Famous for utilizing a type of guerrilla warfare known as People's War, Ho Chi Minh and General Vo Nyugen Giap, who was commander-in-chief of the Vietnam People's Army, led the decisive battle against the French forces in 1954. It is extremely interesting today to understand how this was accomplished. Here is a brief description of how they prepared for the battle, from "An Outline History of the Viet Nam Workers' Party," published in Hanoi, 1976:

"Our artillery and infantry units, with only rudimentary equipment, built hundreds of kilometers of roads through forests and mountains to the battlefield, dug hundreds of kilometers of communication trenches under intense enemy fire, and hauled heavy guns up hill and down dale to the battlefield.

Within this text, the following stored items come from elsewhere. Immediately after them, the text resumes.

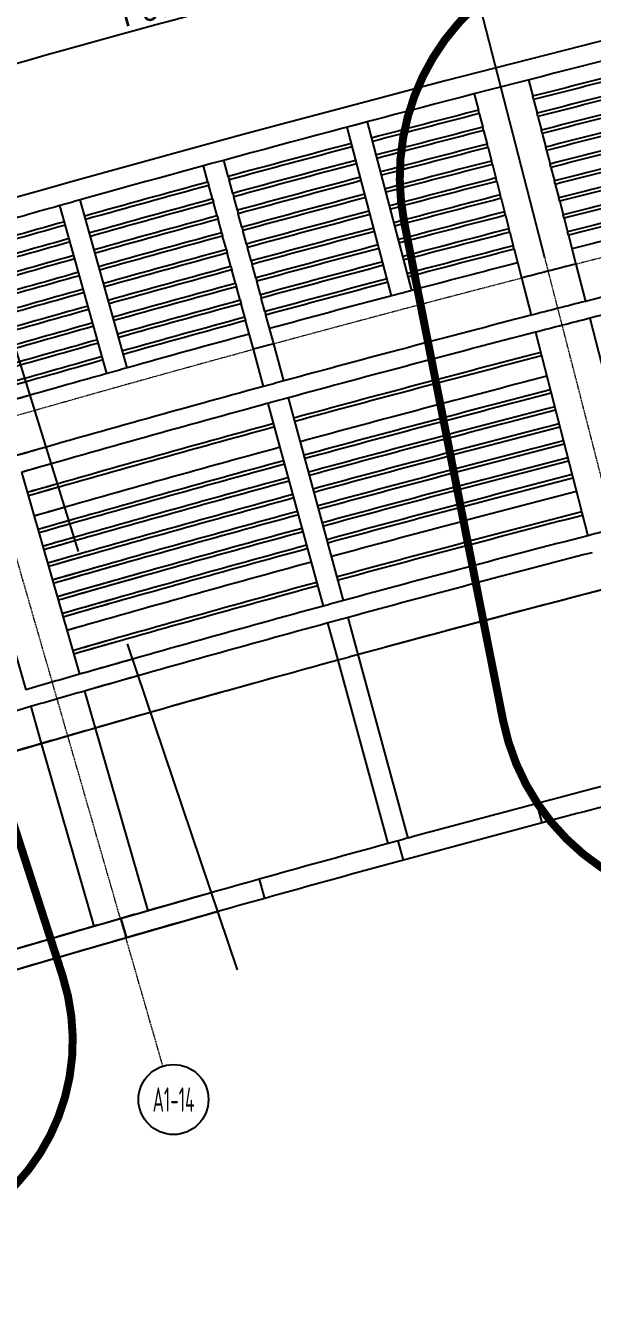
# Model space of a CAD drawing. Header units: millimetres. Extents: x 0 to 12110233, y -6694180 to 0.
# Drawn here: x 11698151 to 11706240, y -6424749 to -6406323 of the extents above; entities that cross this region are included whole.
import ezdxf
from ezdxf.enums import TextEntityAlignment as Align

# ---------------------------------------------------------------- set-up
doc = ezdxf.new("R2010")
doc.units = ezdxf.units.MM
doc.header["$LTSCALE"] = 10
doc.linetypes.add('A1-RI-F3$0$CENTER', pattern=[50.8, 31.75, -6.35, 6.35, -6.35])
doc.linetypes.add('A1-RI-F3$0$DASHED', pattern=[0.75, 0.5, -0.25])
for name, color, linetype in [('A1-RI-F3$0$A-COLU-HATH', 8, 'Continuous'), ('A1-RI-F3$0$A-SYMB', 4, 'Continuous'), ('A1-RI-F3$0$A-SYMB-NAME', 4, 'Continuous'), ('A1-RI-F3$0$A-SYMB-STRS', 1, 'Continuous'), ('A1-RI-F3$0$A-TEXT1', 4, 'Continuous'), ('A1-RI-F3$0$A1-RI-F3$0$A-DETL-PEN0', 247, 'Continuous'), ('A1-RI-F3$0$A1-RI-F3$0$A-DETL-PEN2', 233, 'Continuous'), ('A1-RI-F3$0$A2-RG-AXIS-150$0$A-DIMS-100', 1, 'Continuous'), ('A1-RI-F3$0$Crescent canopy$0$A-DETL-PEN0', 247, 'Continuous'), ('A1-RI-F3$0$Crescent canopy$0$A-DETL-PEN2', 233, 'Continuous')]:
    doc.layers.add(name, color=color, linetype=linetype)
doc.layers.add('A1-RI-F3$0$A-GRID', color=1, linetype='A1-RI-F3$0$CENTER', lineweight=9)
doc.styles.add('A1-RI-F3$0$A1-RG-AXIS$0$XD2008', font='xd-hzs.shx', dxfattribs={"width": 0.7, "bigfont": 'xd-hztxt.shx'})
doc.styles.add('A1-RI-F3$0$A2-RG-AXIS-150$0$XD2008', font='romans.shx', dxfattribs={"width": 0.7})
doc.styles.add('A1-RI-F3$0$ECADI', font='gbeitc.shx', dxfattribs={"width": 0.7, "bigfont": 'gbcbig.shx'})
doc.dimstyles.new('A1-RI-F3$0$A2-RG-AXIS-150$0$XD100', dxfattribs={"dimscale": 100, "dimtxt": 5.5, "dimasz": 1.5, "dimexe": 1, "dimexo": 2, "dimgap": 0.5, "dimtad": 1, "dimdec": 0, "dimdsep": 46, "dimtxsty": 'A1-RI-F3$0$A2-RG-AXIS-150$0$XD2008', "dimblk": 'A1-RI-F3$0$A2-RG-AXIS-150$0$_ArchTick', "dimcen": 2.5, "dimclrt": 4, "dimaunit": 1, "dimadec": 3, "dimazin": 0, "dimtfac": 1, "dimtdec": 0, "dimtix": 1, "dimtmove": 0, "dimatfit": 3, "dimfxl": 0, "dimtolj": 1, "dimtzin": 0, "dimarcsym": 0})

# ---------------------------------------------------------------- blocks, each defined once
blk = doc.blocks.new('A1-RI-F3$0$A1zhouhao')
at = {"color": 13}
blk.add_circle((11937809, -6402822), 500, dxfattribs=at)
at = {"style": 'A1-RI-F3$0$A1-RG-AXIS$0$XD2008', "width": 0.7}
blk.add_attdef('GRID', text='', height=500, dxfattribs=at).set_placement((11937809, -6402822), align=Align.MIDDLE)
blk = doc.blocks.new('A1-RI-F3$0$A$C2EA612DB')
at = {"layer": 'A1-RI-F3$0$A-GRID', "ltscale": 0.05}
for p, q in [((20363, 5491), (16528, 20407)), ((12492, 3346), (8230, 18145))]:
    blk.add_line(p, q, dxfattribs=at)
for points in [[(71546, 23294, 0.058826), (3864, 10683, 0.058826)], [(71809, 18701, 0.058707), (5320, 6318, 0.058707)]]:
    blk.add_lwpolyline(points, format="xyb", dxfattribs=at)
at = {"layer": 'A1-RI-F3$0$A-SYMB-NAME', "linetype": 'ByBlock'}
ref = blk.add_blockref('A1-RI-F3$0$A1zhouhao', (-11925166, 6405692), dxfattribs=at)
ref.add_attrib('GRID', 'A1-14', dxfattribs={"layer": '0', "color": 4, "height": 350, "style": 'A1-RI-F3$0$A1-RG-AXIS$0$XD2008', "width": 0.6}).set_placement((12644, 2870), align=Align.MIDDLE)
blk = doc.blocks.new('A1-RI-F3$0$A2-RG-AXIS-150$0$_ArchTick')
at = {"color": 0, "linetype": 'ByBlock', "const_width": 0.4}
blk.add_lwpolyline([(-0.5, -0.5), (0.5, 0.5)], dxfattribs=at)
blk = doc.blocks.new('*D468')
at = {"layer": 'A1-RI-F3$0$A2-RG-AXIS-150$0$A-DIMS-100', "color": 0, "lineweight": -2, "ltscale": 3}
for p, q in [((11713764, -6407652), (11712717, -6403031)), ((11705563, -6409635), (11704384, -6405047))]:
    blk.add_line(p, q, dxfattribs=at)
blk.add_arc((11778724, -6694180), 298438, 102.77374, 104.41916, dxfattribs=at)
at = {"layer": 'A1-RI-F3$0$A2-RG-AXIS-150$0$A-DIMS-100', "color": 0, "lineweight": -2, "ltscale": 3, "xscale": 150, "yscale": 150, "zscale": 150}
for p, rotation in [((11712739, -6403129), 12.77373545685853), ((11704409, -6405144), 194.4191564490149)]:
    blk.add_blockref('A1-RI-F3$0$A2-RG-AXIS-150$0$_ArchTick', p, dxfattribs=dict(at, rotation=rotation))
at = {"layer": 'A1-RI-F3$0$A2-RG-AXIS-150$0$A-DIMS-100', "color": 4, "ltscale": 3, "insert": (11708502, -6403841), "char_height": 375, "attachment_point": 5, "rotation": 13.5964, "style": 'A1-RI-F3$0$A2-RG-AXIS-150$0$XD2008'}
blk.add_mtext('\\A1;1°38\'44"', dxfattribs=at)
blk = doc.blocks.new('*D469')
at = {"layer": 'A1-RI-F3$0$A2-RG-AXIS-150$0$A-DIMS-100', "color": 0, "lineweight": -2, "ltscale": 3}
for p, q in [((11705564, -6409635), (11704384, -6405047)), ((11697424, -6411854), (11696112, -6407301))]:
    blk.add_line(p, q, dxfattribs=at)
blk.add_arc((11778738, -6694177), 298438, 104.42208, 106.0675, dxfattribs=at)
at = {"layer": 'A1-RI-F3$0$A2-RG-AXIS-150$0$A-DIMS-100', "color": 0, "lineweight": -2, "ltscale": 3, "xscale": 150, "yscale": 150, "zscale": 150}
for p, rotation in [((11704409, -6405144), 14.42208221941932), ((11696140, -6407397), 196.0675032115761)]:
    blk.add_blockref('A1-RI-F3$0$A2-RG-AXIS-150$0$_ArchTick', p, dxfattribs=dict(at, rotation=rotation))
at = {"layer": 'A1-RI-F3$0$A2-RG-AXIS-150$0$A-DIMS-100', "color": 4, "ltscale": 3, "insert": (11700194, -6405977), "char_height": 375, "attachment_point": 5, "rotation": 15.2448, "style": 'A1-RI-F3$0$A2-RG-AXIS-150$0$XD2008'}
blk.add_mtext('\\A1;1°38\'44"', dxfattribs=at)
blk = doc.blocks.new('A1-RI-F3$0$A1-RI-F3$0$CRESCENT')
at = {"layer": 'A1-RI-F3$0$A1-RI-F3$0$A-DETL-PEN0'}
for centre, radius, start, end in [((761375, 423597), 293968, 105.90624, 105.98811), ((761376, 423592), 292448, 105.8991, 105.9877), ((761376, 423592), 292398, 105.89886, 105.98769), ((761376, 423592), 292098, 105.89745, 105.98761), ((761376, 423592), 291898, 105.8965, 105.98756), ((761376, 423592), 291848, 105.89626, 105.98754), ((761376, 423592), 291648, 105.89532, 105.98749), ((761376, 423592), 291598, 105.89508, 105.98748), ((761376, 423592), 291398, 105.87949, 105.98742), ((761376, 423592), 291348, 105.86611, 105.98741), ((761376, 423592), 291148, 105.8125, 105.98735), ((761376, 423592), 291098, 105.79907, 105.98734), ((761376, 423592), 290898, 105.74529, 105.98729), ((761376, 423592), 290848, 105.74214, 105.98727), ((761376, 423592), 290648, 105.8316, 105.98722), ((761376, 423592), 290598, 105.85403, 105.98721), ((761376, 423592), 290398, 105.94404, 105.98715), ((761376, 423592), 290098, 105.88674, 105.98707), ((761392, 423538), 290104, 105.86159, 105.98707)]:
    blk.add_arc(centre, radius, start, end, dxfattribs=at)
at = {"layer": 'A1-RI-F3$0$A1-RI-F3$0$A-DETL-PEN2'}
for p, q in [((680744, 705017), (681574, 702134)), ((681643, 701894), (681795, 701365)), ((680875, 701672), (681027, 701144)), ((681795, 701365), (682547, 698756)), ((681027, 701144), (681778, 698535)), ((682162, 698645), (682241, 698372))]:
    blk.add_line(p, q, dxfattribs=at)
for centre, radius, start, end in [((761375, 423597), 293768, 105.90531, 105.98806), ((761376, 423592), 292998, 105.90168, 105.98785), ((761376, 423592), 292748, 105.90051, 105.98779), ((761392, 423538), 289804, 105.83139, 105.98699), ((761398, 423517), 289826, 105.98698, 106.14513), ((761392, 423538), 289554, 105.82896, 105.98692), ((761398, 423517), 289576, 105.98691, 106.1452), ((761395, 423525), 289567, 106.14519, 106.859), ((761380, 423550), 288986, 105.8232, 130.74813), ((761380, 423550), 286271, 105.7964, 131.29161), ((761380, 423550), 285986, 105.79356, 131.34926)]:
    blk.add_arc(centre, radius, start, end, dxfattribs=at)
blk = doc.blocks.new('A1-RI-F3$0$Crescent canopy$0$CRESCENT')
at = {"layer": 'A1-RI-F3$0$Crescent canopy$0$A-DETL-PEN0'}
for centre, radius, start, end in [((761400, 423501), 296117, 104.0383, 104.34317), ((761400, 423501), 296067, 104.03831, 104.34315), ((761400, 423501), 295867, 104.03833, 104.3431), ((761400, 423501), 295817, 104.03833, 104.34309), ((761394, 423524), 296093, 104.49796, 104.80285), ((761394, 423524), 296043, 104.49797, 104.80284), ((761400, 423501), 295617, 104.03835, 104.34304), ((761400, 423501), 295567, 104.03836, 104.34302), ((761394, 423524), 295843, 104.49803, 104.80282), ((761400, 423501), 295367, 104.03838, 104.34297), ((761400, 423501), 295317, 104.03838, 104.34296), ((761394, 423524), 295793, 104.49804, 104.80282), ((761400, 423501), 295117, 104.0384, 104.3429), ((761384, 423565), 296051, 104.8609, 105.21343), ((761384, 423565), 296001, 104.86091, 105.21343), ((761394, 423524), 295593, 104.49809, 104.8028), ((761394, 423524), 295543, 104.4981, 104.80279), ((761400, 423501), 295067, 104.03841, 104.34289), ((761384, 423565), 295801, 104.86093, 105.21342), ((761384, 423565), 295751, 104.86093, 105.21341), ((761394, 423524), 295343, 104.49816, 104.80277), ((761394, 423524), 295293, 104.49817, 104.80277), ((761400, 423501), 294867, 104.03843, 104.34284), ((761400, 423501), 294817, 104.03843, 104.34282), ((761384, 423565), 295551, 104.86095, 105.2134), ((761394, 423524), 295093, 104.49822, 104.80275), ((761400, 423501), 294617, 104.03845, 104.34277), ((761400, 423501), 294567, 104.03846, 104.34276), ((761378, 423587), 296028, 105.2715, 105.6249), ((761378, 423587), 295978, 105.2715, 105.6249), ((761384, 423565), 295501, 104.86096, 105.21339), ((761394, 423524), 295043, 104.49824, 104.80274), ((761400, 423501), 294367, 104.03848, 104.34271), ((761400, 423501), 294317, 104.03848, 104.34269), ((761378, 423587), 295778, 105.27153, 105.62489), ((761378, 423587), 295728, 105.27153, 105.62488), ((761384, 423565), 295301, 104.86098, 105.21338), ((761384, 423565), 295251, 104.86098, 105.21338), ((761394, 423524), 294843, 104.49829, 104.80272), ((761394, 423524), 294793, 104.4983, 104.80272), ((761378, 423587), 295528, 105.27156, 105.62487), ((761384, 423565), 295051, 104.861, 105.21336), ((761384, 423565), 295001, 104.86101, 105.21336), ((761394, 423524), 294593, 104.49835, 104.8027), ((761394, 423524), 294543, 104.49837, 104.80269), ((761400, 423501), 294117, 104.0385, 104.34264), ((761400, 423501), 294067, 104.03851, 104.34263), ((761375, 423597), 296018, 105.68297, 105.98865), ((761375, 423597), 295968, 105.68298, 105.98864), ((761378, 423587), 295478, 105.27157, 105.62486), ((761384, 423565), 294801, 104.86103, 105.21334), ((761394, 423524), 294343, 104.49842, 104.80267), ((761375, 423597), 295768, 105.683, 105.98859), ((761375, 423597), 295718, 105.68301, 105.98858), ((761378, 423587), 295278, 105.27159, 105.62485), ((761378, 423587), 295228, 105.2716, 105.62485), ((761384, 423565), 294751, 104.86103, 105.21334), ((761394, 423524), 294293, 104.49843, 104.80267), ((761375, 423597), 295518, 105.68303, 105.98852), ((761378, 423587), 295028, 105.27162, 105.62483), ((761378, 423587), 294978, 105.27163, 105.62483), ((761384, 423565), 294551, 104.86105, 105.21333), ((761384, 423565), 294501, 104.86106, 105.21332), ((761394, 423524), 294093, 104.49849, 104.80265), ((761394, 423524), 294043, 104.4985, 104.80264), ((761375, 423597), 295468, 105.68304, 105.98851), ((761378, 423587), 294778, 105.27165, 105.62481), ((761384, 423565), 294301, 104.86108, 105.21331), ((761384, 423565), 294251, 104.86108, 105.21331), ((761375, 423597), 295268, 105.68306, 105.98846), ((761375, 423597), 295218, 105.68307, 105.98844), ((761378, 423587), 294728, 105.27166, 105.62481), ((761384, 423565), 294051, 104.8611, 105.21329), ((761375, 423597), 295018, 105.68309, 105.98839), ((761375, 423597), 294968, 105.6831, 105.98838), ((761378, 423587), 294528, 105.27169, 105.62479), ((761378, 423587), 294478, 105.27169, 105.62479), ((761384, 423565), 294001, 104.86111, 105.21329), ((761375, 423597), 294768, 105.68313, 105.98833), ((761378, 423587), 294278, 105.27172, 105.62478), ((761378, 423587), 294228, 105.27172, 105.62477), ((761375, 423597), 294718, 105.68313, 105.98831), ((761378, 423587), 294028, 105.27175, 105.62476), ((761378, 423587), 293978, 105.27176, 105.62475), ((761375, 423597), 294518, 105.68316, 105.98826), ((761375, 423597), 294468, 105.68316, 105.98825), ((761375, 423597), 294268, 105.68319, 105.98819), ((761375, 423597), 294218, 105.68319, 105.98818), ((761375, 423597), 294018, 105.68322, 105.98813), ((761388, 423547), 292495, 104.49889, 105.21317), ((761388, 423547), 292445, 104.49891, 105.21316), ((761375, 423597), 293968, 105.68322, 105.98811), ((761388, 423547), 292145, 104.49899, 105.21314), ((761388, 423547), 291945, 104.49904, 105.21313), ((761388, 423547), 291895, 104.49905, 105.21312), ((761388, 423547), 291695, 104.49911, 105.21311), ((761388, 423547), 291645, 104.49912, 105.2131), ((761376, 423592), 292448, 105.27195, 105.9877), ((761388, 423547), 291445, 104.49917, 105.21309), ((761376, 423592), 292398, 105.27195, 105.98769), ((761388, 423547), 291395, 104.49919, 105.21309), ((761376, 423592), 292098, 105.27199, 105.98761), ((761388, 423547), 291195, 104.49924, 105.21307), ((761388, 423547), 291145, 104.49926, 105.21307), ((761376, 423592), 291898, 105.27202, 105.98756), ((761388, 423547), 290945, 104.49931, 105.21305), ((761388, 423547), 290895, 104.49932, 105.21305), ((761376, 423592), 291848, 105.27202, 105.98754), ((761388, 423547), 290695, 104.49938, 105.21304), ((761376, 423592), 291648, 105.27205, 105.98749), ((761376, 423592), 291598, 105.27206, 105.98748), ((761388, 423547), 290645, 104.49939, 105.21303), ((761376, 423592), 291398, 105.27208, 105.98742), ((761376, 423592), 291348, 105.27209, 105.98741), ((761388, 423547), 290445, 104.49945, 105.21302), ((761376, 423592), 291148, 105.27212, 105.98735), ((761388, 423547), 290145, 104.49953, 105.21299), ((761376, 423592), 291098, 105.27212, 105.98734), ((761382, 423572), 290069, 104.49963, 105.21314), ((761376, 423592), 290898, 105.27215, 105.98729), ((761376, 423592), 290848, 105.27215, 105.98727), ((761376, 423592), 290648, 105.27218, 105.98722), ((761376, 423592), 290598, 105.27219, 105.98721), ((761376, 423592), 290398, 105.27221, 105.98715), ((761376, 423592), 290098, 105.27225, 105.98707), ((761392, 423538), 290104, 105.27241, 105.98707)]:
    blk.add_arc(centre, radius, start, end, dxfattribs=at)
at = {"layer": 'A1-RI-F3$0$Crescent canopy$0$A-DETL-PEN2'}
for p, q in [((687984, 710620), (688044, 710388)), ((687209, 710421), (687269, 710189)), ((688056, 710339), (688044, 710388)), ((688056, 710339), (688106, 710146)), ((687281, 710140), (687269, 710189)), ((687281, 710140), (687331, 709946)), ((688118, 710097), (688106, 710146)), ((686030, 707538), (685393, 709945)), ((686320, 707615), (685683, 710022)), ((687343, 709898), (687331, 709946)), ((688118, 710097), (688168, 709904)), ((687343, 709898), (687393, 709704)), ((688181, 709855), (688168, 709904)), ((688181, 709855), (688230, 709661)), ((687406, 709656), (687393, 709704)), ((687406, 709656), (687456, 709462)), ((688243, 709613), (688230, 709661)), ((688243, 709613), (688293, 709419)), ((683406, 709162), (683343, 709394)), ((683695, 709241), (683632, 709472)), ((687468, 709414), (687456, 709462)), ((687468, 709414), (687518, 709220)), ((688305, 709371), (688293, 709419)), ((683695, 709241), (683708, 709192)), ((687530, 709172), (687518, 709220)), ((688305, 709371), (688355, 709177)), ((683406, 709162), (683419, 709114)), ((683471, 708921), (683419, 709114)), ((683761, 708999), (683708, 709192)), ((687530, 709172), (687580, 708978)), ((688367, 709129), (688355, 709177)), ((688367, 709129), (688417, 708935)), ((682253, 706509), (681581, 708907)), ((683471, 708921), (683485, 708872)), ((683537, 708679), (683485, 708872)), ((683761, 708999), (683774, 708951)), ((683827, 708758), (683774, 708951)), ((687593, 708929), (687580, 708978)), ((687593, 708929), (687642, 708736)), ((688430, 708887), (688417, 708935)), ((688430, 708887), (688479, 708693)), ((681964, 706428), (681292, 708826)), ((683537, 708679), (683550, 708631)), ((683827, 708758), (683840, 708710)), ((683892, 708517), (683840, 708710)), ((687655, 708687), (687642, 708736)), ((687655, 708687), (687705, 708494)), ((688492, 708644), (688479, 708693)), ((683603, 708438), (683550, 708631)), ((683892, 708517), (683905, 708469)), ((687717, 708445), (687705, 708494)), ((688492, 708644), (688542, 708451)), ((683603, 708438), (683616, 708390)), ((683669, 708197), (683616, 708390)), ((683958, 708276), (683905, 708469)), ((687717, 708445), (687767, 708252)), ((688554, 708402), (688542, 708451)), ((688554, 708402), (688660, 707991)), ((683669, 708197), (683682, 708149)), ((683734, 707956), (683682, 708149)), ((683958, 708276), (683971, 708228)), ((684024, 708035), (683971, 708228)), ((687779, 708203), (687767, 708252)), ((687779, 708203), (687885, 707792)), ((683734, 707956), (683747, 707907)), ((684024, 708035), (684037, 707986)), ((684089, 707793), (684037, 707986)), ((688660, 707991), (688797, 707458)), ((683800, 707714), (683747, 707907)), ((684089, 707793), (684103, 707745)), ((684155, 707552), (684103, 707745)), ((687885, 707792), (688022, 707259)), ((683800, 707714), (683813, 707666)), ((683866, 707473), (683813, 707666)), ((684155, 707552), (684168, 707504)), ((683866, 707473), (683879, 707425)), ((683931, 707232), (683879, 707425)), ((684221, 707311), (684168, 707504)), ((683931, 707232), (683944, 707184)), ((684056, 706774), (683944, 707184)), ((684221, 707311), (684234, 707263)), ((684346, 706853), (684234, 707263)), ((688859, 707216), (689606, 704311)), ((688084, 707017), (688831, 704112)), ((684490, 706322), (684346, 706853)), ((684201, 706243), (684056, 706774)), ((685344, 703186), (684556, 706081)), ((685055, 703108), (684266, 706002)), ((680744, 705017), (681574, 702134)), ((679975, 704795), (680805, 701912)), ((685554, 702415), (685410, 702945)), ((685265, 702336), (685120, 702866)), ((686268, 699795), (685554, 702415)), ((685978, 699716), (685265, 702336)), ((681643, 701894), (681795, 701365)), ((680875, 701672), (681027, 701144)), ((681795, 701365), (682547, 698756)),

"Putting into effect the slogan 'all for the front, all for victory,' 200,000 volunteer carriers provided more than 3 million work days to serve the Dien Bien Phu front. Tens of thousands of members of shock youth brigades together with engineer units valiantly opened new roads and defused enemy delayed-action bombs on communication lines. Tens of thousands of pack bicycles, buffalo carts, ox carts, horse carts and boats were used for the transport of rice, foodstuffs and ammunition to the front . . .

"After 55 days and nights of continuous fighting, on May 7, 1954, our army completely destroyed the Dien Bien Phu fortified entrenched camp, annihilating or capturing 16,000 enemy troops. The entire French command led by De Castries surrendered after hoisting a white flag."

The experience of Dien Bien Phu was built upon and used in the long struggle against U.S. aggression, where the mass of the people were mobilized, North and South, often right under the enemy's noses. This is what was done in the Tet Offensive in South Vietnam in 1968, which was really a nationwide armed insurrection carried out by hundreds of thousands of people, not just trained soldiers.

In fact, it turned out that the U.S. ambassador's chauffeur was a National Liberation Front fighter who, at the time of the Tet Offensive, was able to open the gates to the U.S. Embassy compound and let in other guerrilla fighters. They took the compound long enough to fly the NLF flag from the embassy roof in Saigon.

The example of the struggle in Vietnam gave optimism to people around the world. They saw that if an oppressed people, armed at first with only bamboo spears or bows and arrows, could bring the French and then the mighty U.S. colossus to their knees, then there was hope that they, too, could challenge the imperialist beast.

The rallying cry of liberation movements from Latin America to Africa was, "Two, three, many Vietnams." In the U.S. as well, fighters for Black liberation like Malcolm X and the youth of the Black Panther Party and Young Lords Party were listening and learning from the example set by Vietnam and its president, Ho Chi Minh.